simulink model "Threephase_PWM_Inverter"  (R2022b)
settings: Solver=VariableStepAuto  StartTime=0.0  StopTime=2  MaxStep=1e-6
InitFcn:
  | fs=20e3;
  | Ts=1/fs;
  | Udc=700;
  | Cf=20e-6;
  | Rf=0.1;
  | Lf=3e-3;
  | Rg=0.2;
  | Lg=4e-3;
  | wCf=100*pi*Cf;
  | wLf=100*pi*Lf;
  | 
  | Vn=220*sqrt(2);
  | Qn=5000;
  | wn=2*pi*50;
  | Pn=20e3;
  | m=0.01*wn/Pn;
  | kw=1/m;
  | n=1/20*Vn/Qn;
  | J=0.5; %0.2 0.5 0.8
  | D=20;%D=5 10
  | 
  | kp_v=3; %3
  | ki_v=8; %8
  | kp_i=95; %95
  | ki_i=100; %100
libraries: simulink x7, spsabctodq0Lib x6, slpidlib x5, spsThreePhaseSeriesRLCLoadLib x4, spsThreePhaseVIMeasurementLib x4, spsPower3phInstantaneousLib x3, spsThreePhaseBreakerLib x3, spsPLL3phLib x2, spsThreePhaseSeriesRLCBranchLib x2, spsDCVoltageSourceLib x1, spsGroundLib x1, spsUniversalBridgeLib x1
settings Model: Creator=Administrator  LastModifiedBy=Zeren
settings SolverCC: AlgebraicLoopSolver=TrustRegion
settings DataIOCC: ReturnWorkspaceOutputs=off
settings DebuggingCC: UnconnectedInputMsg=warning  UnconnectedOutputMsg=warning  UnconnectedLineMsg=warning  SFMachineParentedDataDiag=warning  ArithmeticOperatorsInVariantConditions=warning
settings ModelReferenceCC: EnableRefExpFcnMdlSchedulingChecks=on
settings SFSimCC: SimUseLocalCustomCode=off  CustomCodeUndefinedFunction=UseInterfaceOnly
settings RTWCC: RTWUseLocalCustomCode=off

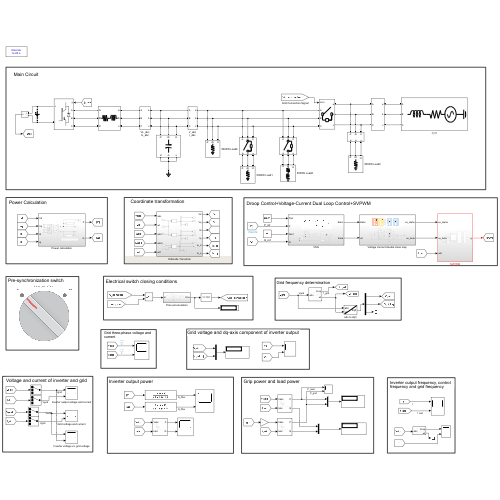
[thumbnail: Simulink's stored preview of the top-level diagram]
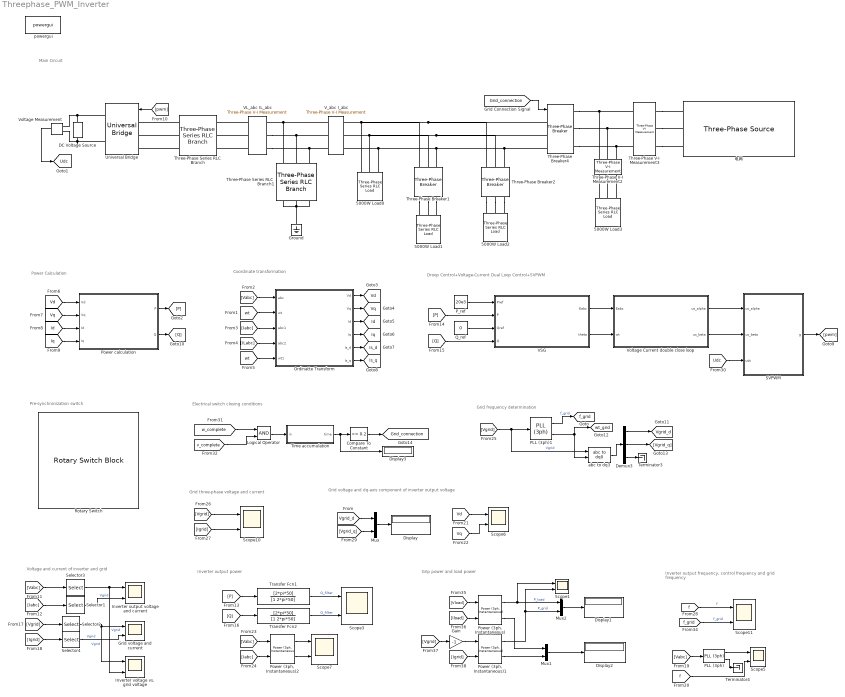
== system Threephase_PWM_Inverter ==
  note: Grid voltage and dq-axis component of inverter output voltage
  note: Grip power and load power
  note: Grid three-phase voltage and current
  note: Voltage and current of inverter and grid
  note: Inverter output frequency, control frequency and grid frequency
  note: Inverter output power
  note: Main Circuit
  note: Grid frequency determination
  note: Power Calculation
  note: Electrical switch closing conditions
  note: Pre-synchronization switch
  note: Coordinate transformation
  note: Droop Control+Voltage-Current Dual Loop Control+SVPWM
  5000W Load0 : spsThreePhaseSeriesRLCLoadLib/Three-Phase Series RLC Load  LConnTagsString=A|B|C  Configuration=Y (grounded)  NominalVoltage=380  Vabc=[1e3 1e3 1e3]  Vabcp=[1e3 1e3 1e3]  NominalFrequency=50  UnbalancedPower=off  ActivePower=5e3  InductivePower=0  CapacitivePower=0  Pabc=[10e3 9e3 11e3]  QLabc=[100 90 110]  QCabc=[100 90 110]  Pabcp=[10e3 9e3 11e3]  QLabcp=[100 90 110]  QCabcp=[100 90 110]  Measurements=None  LoadType=constant Z
  5000W Load1 : spsThreePhaseSeriesRLCLoadLib/Three-Phase Series RLC Load  LConnTagsString=A|B|C  Configuration=Y (grounded)  NominalVoltage=380  Vabc=[1e3 1e3 1e3]  Vabcp=[1e3 1e3 1e3]  NominalFrequency=50  UnbalancedPower=off  ActivePower=5e3  InductivePower=0  CapacitivePower=0  Pabc=[10e3 9e3 11e3]  QLabc=[100 90 110]  QCabc=[100 90 110]  Pabcp=[10e3 9e3 11e3]  QLabcp=[100 90 110]  QCabcp=[100 90 110]  Measurements=None  LoadType=constant Z
  5000W Load2 : spsThreePhaseSeriesRLCLoadLib/Three-Phase Series RLC Load  LConnTagsString=A|B|C  Configuration=Y (grounded)  NominalVoltage=380  Vabc=[1e3 1e3 1e3]  Vabcp=[1e3 1e3 1e3]  NominalFrequency=50  UnbalancedPower=off  ActivePower=5e3  InductivePower=500  CapacitivePower=0  Pabc=[10e3 9e3 11e3]  QLabc=[100 90 110]  QCabc=[100 90 110]  Pabcp=[10e3 9e3 11e3]  QLabcp=[100 90 110]  QCabcp=[100 90 110]  Measurements=None  LoadType=constant Z
  5000W Load3 : spsThreePhaseSeriesRLCLoadLib/Three-Phase Series RLC Load  LConnTagsString=A|B|C  Configuration=Y (grounded)  NominalVoltage=380  Vabc=[1e3 1e3 1e3]  Vabcp=[1e3 1e3 1e3]  NominalFrequency=50  UnbalancedPower=off  ActivePower=5e3  InductivePower=0  CapacitivePower=0  Pabc=[10e3 9e3 11e3]  QLabc=[100 90 110]  QCabc=[100 90 110]  Pabcp=[10e3 9e3 11e3]  QLabcp=[100 90 110]  QCabcp=[100 90 110]  Measurements=None  LoadType=constant Z
  Compare To Constant : simulink/Logic and Bit Operations/Compare To Constant  relop=>=  const=0.2  OutDataTypeStr=boolean
  DC Voltage Source : spsDCVoltageSourceLib/DC Voltage Source  Amplitude=800  Measurements=None
  Demux3 : Demux  Outputs=3
  Display{,1..3} (4 alike) : Display
  Gain : Gain  Gain=-1
  Grid voltage and current : Scope  NumInputPorts=2
  Ground : spsGroundLib/Ground  LConnTagsString=a
  Inverter output voltage and current : Scope  NumInputPorts=2
  Inverter voltage vs. grid voltage : Scope  NumInputPorts=2
  Logical Operator : Logic  AllPortsSameDT=off  OutDataTypeStr=boolean
  Mux : Mux  Inputs=2
  Mux1 : Mux  Inputs=2
  Mux2 : Mux  Inputs=2
  Ordinatte Transform : Subsystem
  PLL (3ph) : spsPLL3phLib/PLL (3ph)  Fmin=45  Par_Init=[0, 50]  ParK=[180, 3200, 1]  TcD=1e-4  MaxRateChangeFreq=12  FilterCutOffFreq=25  Ts=0  AGC=on
  PLL (3ph)1 : spsPLL3phLib/PLL (3ph)  Fmin=45  Par_Init=[0, 50]  ParK=[180, 3200, 1]  TcD=1e-4  MaxRateChangeFreq=12  FilterCutOffFreq=25  Ts=0  AGC=on
  P_ref : Constant  Value=20e3
  "Power (3ph, Instantaneous)" : spsPower3phInstantaneousLib/Power (3ph, Instantaneous)
  "Power (3ph, Instantaneous)1" : spsPower3phInstantaneousLib/Power (3ph, Instantaneous)
  "Power (3ph, Instantaneous)2" : spsPower3phInstantaneousLib/Power (3ph, Instantaneous)
  Power calculation : Subsystem
  Q_ref : Constant  Value=0
  Rotary Switch : RotarySwitchBlock
      settings: Values={{'Off', 'On'}, [0 1]}
  SVPWM : Subsystem
  Scope{1,3,5..7,10..11} (7 alike) : Scope  NumInputPorts=2
  Selector{1..4} (4 alike) : Selector  InputPortWidth=3  IndexOptions=Index vector (dialog)  Indices=[1]  OutputSizes=1
  Terminator3 : Terminator
  Terminator4 : Terminator
  Three-Phase Series RLC Branch : spsThreePhaseSeriesRLCBranchLib/Three-Phase Series RLC Branch  LConnTagsString=A|B|C  RConnTagsString=A|B|C  BranchType=RL  Resistance=1e-4  Inductance=5e-3  Capacitance=1e-6  Measurements=None
  Three-Phase Series RLC Branch1 : spsThreePhaseSeriesRLCBranchLib/Three-Phase Series RLC Branch  LConnTagsString=A|B|C  RConnTagsString=A|B|C  BranchType=C  Resistance=1e-4  Inductance=3e-3  Capacitance=20e-6  Measurements=None
  Three-Phase V-I Measurement2 : spsThreePhaseVIMeasurementLib/Three-Phase V-I Measurement  VoltageMeasurement=phase-to-ground  SetLabelV=on  LabelV=Vload  Vpu=off  VpuLL=off  CurrentMeasurement=yes  SetLabelI=on  LabelI=Iload  Ipu=off  Pbase=100e6  Vbase=500e3  OutputType=Complex  PhasorSimulation=off  PSBequivalent=0
  Three-Phase V-I Measurement3 : spsThreePhaseVIMeasurementLib/Three-Phase V-I Measurement  VoltageMeasurement=phase-to-ground  SetLabelV=on  LabelV=Vgrid  Vpu=off  VpuLL=off  CurrentMeasurement=yes  SetLabelI=on  LabelI=Igrid  Ipu=off  Pbase=100e6  Vbase=500e3  OutputType=Complex  PhasorSimulation=off  PSBequivalent=0
  Three-Phase Breaker1 : spsThreePhaseBreakerLib/Three-Phase Breaker  InitialState=open  SwitchA=on  SwitchB=on  SwitchC=on  SwitchTimes=[0.1]  External=off  BreakerResistance=0.01  SnubberResistance=1e6  SnubberCapacitance=inf  Measurements=None
  Three-Phase Breaker2 : spsThreePhaseBreakerLib/Three-Phase Breaker  InitialState=open  SwitchA=on  SwitchB=on  SwitchC=on  SwitchTimes=[0.15]  External=off  BreakerResistance=0.01  SnubberResistance=1e6  SnubberCapacitance=inf  Measurements=None
  Three-Phase Breaker4 : spsThreePhaseBreakerLib/Three-Phase Breaker  InitialState=open  SwitchA=on  SwitchB=on  SwitchC=on  SwitchTimes=[0.1]  External=on  BreakerResistance=0.01  SnubberResistance=1e6  SnubberCapacitance=inf  Measurements=None
  Time accumulation : Subsystem
  Transfer Fcn1 : TransferFcn  Numerator=[2*pi*50]  Denominator=[1 2*pi*50]
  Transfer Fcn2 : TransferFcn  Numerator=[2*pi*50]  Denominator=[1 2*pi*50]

☆ ☆ ☆ ☆ ☆ ☆ ☆

Exercise objective: Starting at the line containing "settings DebuggingCC: UnconnectedInputMsg=warning" and stopping at the line containing "note: Coordinate transformation", output each line exactly as it appears above. Leave out the pictures.

Reply:
settings DebuggingCC: UnconnectedInputMsg=warning  UnconnectedOutputMsg=warning  UnconnectedLineMsg=warning  SFMachineParentedDataDiag=warning  ArithmeticOperatorsInVariantConditions=warning
settings ModelReferenceCC: EnableRefExpFcnMdlSchedulingChecks=on
settings SFSimCC: SimUseLocalCustomCode=off  CustomCodeUndefinedFunction=UseInterfaceOnly
settings RTWCC: RTWUseLocalCustomCode=off

[thumbnail: Simulink's stored preview of the top-level diagram]
== system Threephase_PWM_Inverter ==
  note: Grid voltage and dq-axis component of inverter output voltage
  note: Grip power and load power
  note: Grid three-phase voltage and current
  note: Voltage and current of inverter and grid
  note: Inverter output frequency, control frequency and grid frequency
  note: Inverter output power
  note: Main Circuit
  note: Grid frequency determination
  note: Power Calculation
  note: Electrical switch closing conditions
  note: Pre-synchronization switch
  note: Coordinate transformation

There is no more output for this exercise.